(Data extracted from a collection)
········

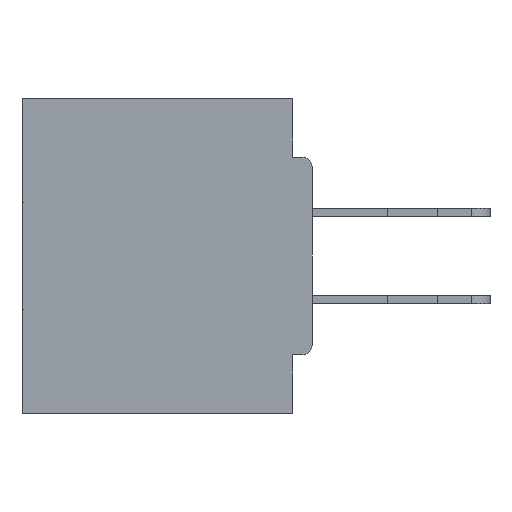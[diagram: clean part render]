
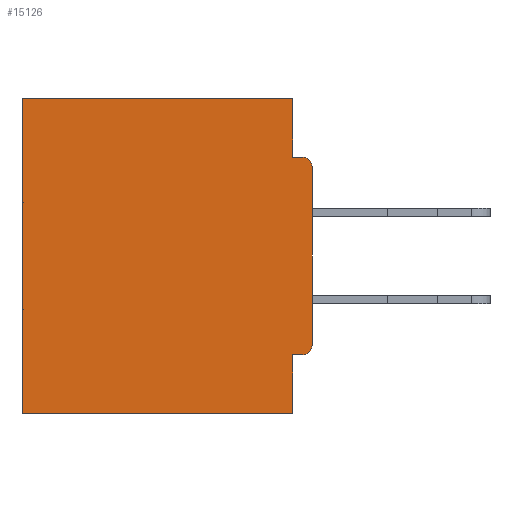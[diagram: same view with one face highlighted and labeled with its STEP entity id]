
A CAD part, left-side view. The second image highlights one B-rep face of the part: STEP entity #15126.
In plain terms, the highlighted planar face has unit normal (-1, 0, 0).
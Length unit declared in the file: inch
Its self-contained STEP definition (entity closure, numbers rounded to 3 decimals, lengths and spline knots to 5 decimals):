
#504 = LINE ( 'NONE', #10023, #5529 ) ;
#1073 = CARTESIAN_POINT ( 'NONE',  ( 0.298, 0.015, -0.4065 ) ) ;
#1632 = EDGE_LOOP ( 'NONE', ( #32074, #9726, #23702, #25996, #10552, #6517, #4201, #10667, #2565, #26177 ) ) ;
#1644 = EDGE_CURVE ( 'NONE', #39556, #12354, #32838, .T. ) ;
#1906 = CARTESIAN_POINT ( 'NONE',  ( 0.298, 0.031, -0.4065 ) ) ;
#2469 = FACE_OUTER_BOUND ( 'NONE', #1632, .T. ) ;
#2565 = ORIENTED_EDGE ( 'NONE', *, *, #34177, .T. ) ;
#2926 = LINE ( 'NONE', #29015, #8430 ) ;
#3971 = EDGE_CURVE ( 'NONE', #5080, #12354, #32629, .T. ) ;
#4201 = ORIENTED_EDGE ( 'NONE', *, *, #24103, .F. ) ;
#5080 = VERTEX_POINT ( 'NONE', #30779 ) ;
#5529 = VECTOR ( 'NONE', #22560, 39.37008 ) ;
#5671 = DIRECTION ( 'NONE',  ( 0., 0., -1. ) ) ;
#6390 = DIRECTION ( 'NONE',  ( 0., 0., -1. ) ) ;
#6517 = ORIENTED_EDGE ( 'NONE', *, *, #10736, .F. ) ;
#7818 = CARTESIAN_POINT ( 'NONE',  ( 0.298, 0., 0. ) ) ;
#8029 = EDGE_CURVE ( 'NONE', #39330, #17224, #26797, .T. ) ;
#8430 = VECTOR ( 'NONE', #19400, 39.37008 ) ;
#8627 = AXIS2_PLACEMENT_3D ( 'NONE', #16144, #38424, #19344 ) ;
#8800 = LINE ( 'NONE', #11497, #19780 ) ;
#9360 = CARTESIAN_POINT ( 'NONE',  ( 0.298, 0.015, -0.1085 ) ) ;
#9726 = ORIENTED_EDGE ( 'NONE', *, *, #1644, .F. ) ;
#10023 = CARTESIAN_POINT ( 'NONE',  ( 0.298, 0., 0. ) ) ;
#10038 = CIRCLE ( 'NONE', #8627, 0.015 ) ;
#10053 = VECTOR ( 'NONE', #5671, 39.37008 ) ;
#10339 = LINE ( 'NONE', #15567, #19294 ) ;
#10552 = ORIENTED_EDGE ( 'NONE', *, *, #19890, .T. ) ;
#10667 = ORIENTED_EDGE ( 'NONE', *, *, #20920, .F. ) ;
#10736 = EDGE_CURVE ( 'NONE', #15590, #25500, #8800, .T. ) ;
#11012 = LINE ( 'NONE', #41060, #10053 ) ;
#11497 = CARTESIAN_POINT ( 'NONE',  ( 0.298, 0., -0.5 ) ) ;
#12354 = VERTEX_POINT ( 'NONE', #16309 ) ;
#12624 = VERTEX_POINT ( 'NONE', #1073 ) ;
#13144 = DIRECTION ( 'NONE',  ( 0., -1., 0. ) ) ;
#13216 = VECTOR ( 'NONE', #37300, 39.37008 ) ;
#14861 = VECTOR ( 'NONE', #13144, 39.37008 ) ;
#15126 = ADVANCED_FACE ( 'NONE', ( #2469 ), #41079, .F. ) ;
#15567 = CARTESIAN_POINT ( 'NONE',  ( 0.298, 0., -0.4065 ) ) ;
#15590 = VERTEX_POINT ( 'NONE', #34446 ) ;
#15785 = CARTESIAN_POINT ( 'NONE',  ( 0.298, 0.031, 0. ) ) ;
#16144 = CARTESIAN_POINT ( 'NONE',  ( 0.298, 0.015, -0.3915 ) ) ;
#16309 = CARTESIAN_POINT ( 'NONE',  ( 0.298, 0.015, -0.0935 ) ) ;
#17224 = VERTEX_POINT ( 'NONE', #37334 ) ;
#18289 = VECTOR ( 'NONE', #39715, 39.37008 ) ;
#18800 = EDGE_CURVE ( 'NONE', #5080, #19635, #504, .T. ) ;
#18860 = CARTESIAN_POINT ( 'NONE',  ( 0.298, 0.46, -0.5 ) ) ;
#18916 = DIRECTION ( 'NONE',  ( 0., 1., 0. ) ) ;
#19294 = VECTOR ( 'NONE', #18916, 39.37008 ) ;
#19344 = DIRECTION ( 'NONE',  ( 0., 0., -1. ) ) ;
#19400 = DIRECTION ( 'NONE',  ( 0., 0., -1. ) ) ;
#19635 = VERTEX_POINT ( 'NONE', #39042 ) ;
#19780 = VECTOR ( 'NONE', #21122, 39.37008 ) ;
#19890 = EDGE_CURVE ( 'NONE', #17224, #25500, #2926, .T. ) ;
#20398 = CARTESIAN_POINT ( 'NONE',  ( 0.298, 0.031, -0.0935 ) ) ;
#20920 = EDGE_CURVE ( 'NONE', #12624, #30329, #10339, .T. ) ;
#21122 = DIRECTION ( 'NONE',  ( 0., 1., 0. ) ) ;
#22560 = DIRECTION ( 'NONE',  ( 0., 0., -1. ) ) ;
#23702 = ORIENTED_EDGE ( 'NONE', *, *, #26275, .F. ) ;
#24103 = EDGE_CURVE ( 'NONE', #30329, #15590, #30160, .T. ) ;
#25359 = DIRECTION ( 'NONE',  ( -1., 0., 0. ) ) ;
#25500 = VERTEX_POINT ( 'NONE', #18860 ) ;
#25996 = ORIENTED_EDGE ( 'NONE', *, *, #8029, .T. ) ;
#26177 = ORIENTED_EDGE ( 'NONE', *, *, #18800, .F. ) ;
#26275 = EDGE_CURVE ( 'NONE', #39330, #39556, #11012, .T. ) ;
#26797 = LINE ( 'NONE', #7818, #18289 ) ;
#28815 = DIRECTION ( 'NONE',  ( 1., 0., 0. ) ) ;
#29015 = CARTESIAN_POINT ( 'NONE',  ( 0.298, 0.46, 0. ) ) ;
#29329 = CARTESIAN_POINT ( 'NONE',  ( 0.298, 0., -0.0935 ) ) ;
#30160 = LINE ( 'NONE', #39994, #13216 ) ;
#30329 = VERTEX_POINT ( 'NONE', #1906 ) ;
#30779 = CARTESIAN_POINT ( 'NONE',  ( 0.298, 0., -0.1085 ) ) ;
#31103 = DIRECTION ( 'NONE',  ( 0., 0., -1. ) ) ;
#31507 = AXIS2_PLACEMENT_3D ( 'NONE', #34912, #28815, #6390 ) ;
#31741 = AXIS2_PLACEMENT_3D ( 'NONE', #9360, #25359, #31103 ) ;
#32074 = ORIENTED_EDGE ( 'NONE', *, *, #3971, .T. ) ;
#32629 = CIRCLE ( 'NONE', #31741, 0.015 ) ;
#32838 = LINE ( 'NONE', #29329, #14861 ) ;
#34177 = EDGE_CURVE ( 'NONE', #12624, #19635, #10038, .T. ) ;
#34446 = CARTESIAN_POINT ( 'NONE',  ( 0.298, 0.031, -0.5 ) ) ;
#34912 = CARTESIAN_POINT ( 'NONE',  ( 0.298, 0., 0. ) ) ;
#37300 = DIRECTION ( 'NONE',  ( 0., 0., -1. ) ) ;
#37334 = CARTESIAN_POINT ( 'NONE',  ( 0.298, 0.46, 0. ) ) ;
#38424 = DIRECTION ( 'NONE',  ( -1., 0., 0. ) ) ;
#39042 = CARTESIAN_POINT ( 'NONE',  ( 0.298, 0., -0.3915 ) ) ;
#39330 = VERTEX_POINT ( 'NONE', #15785 ) ;
#39556 = VERTEX_POINT ( 'NONE', #20398 ) ;
#39715 = DIRECTION ( 'NONE',  ( 0., 1., 0. ) ) ;
#39994 = CARTESIAN_POINT ( 'NONE',  ( 0.298, 0.031, -0.5 ) ) ;
#41060 = CARTESIAN_POINT ( 'NONE',  ( 0.298, 0.031, -0.5 ) ) ;
#41079 = PLANE ( 'NONE',  #31507 ) ;

········

-- Task description --
Return a word-for-word copy of the lines above from the one holding "#10023 = CARTESIAN_POINT" through the one holding "#13216 = VECTOR", with both of them included and nothing besides.

-- Solution for this problem --
#10023 = CARTESIAN_POINT ( 'NONE',  ( 0.298, 0., 0. ) ) ;
#10038 = CIRCLE ( 'NONE', #8627, 0.015 ) ;
#10053 = VECTOR ( 'NONE', #5671, 39.37008 ) ;
#10339 = LINE ( 'NONE', #15567, #19294 ) ;
#10552 = ORIENTED_EDGE ( 'NONE', *, *, #19890, .T. ) ;
#10667 = ORIENTED_EDGE ( 'NONE', *, *, #20920, .F. ) ;
#10736 = EDGE_CURVE ( 'NONE', #15590, #25500, #8800, .T. ) ;
#11012 = LINE ( 'NONE', #41060, #10053 ) ;
#11497 = CARTESIAN_POINT ( 'NONE',  ( 0.298, 0., -0.5 ) ) ;
#12354 = VERTEX_POINT ( 'NONE', #16309 ) ;
#12624 = VERTEX_POINT ( 'NONE', #1073 ) ;
#13144 = DIRECTION ( 'NONE',  ( 0., -1., 0. ) ) ;
#13216 = VECTOR ( 'NONE', #37300, 39.37008 ) ;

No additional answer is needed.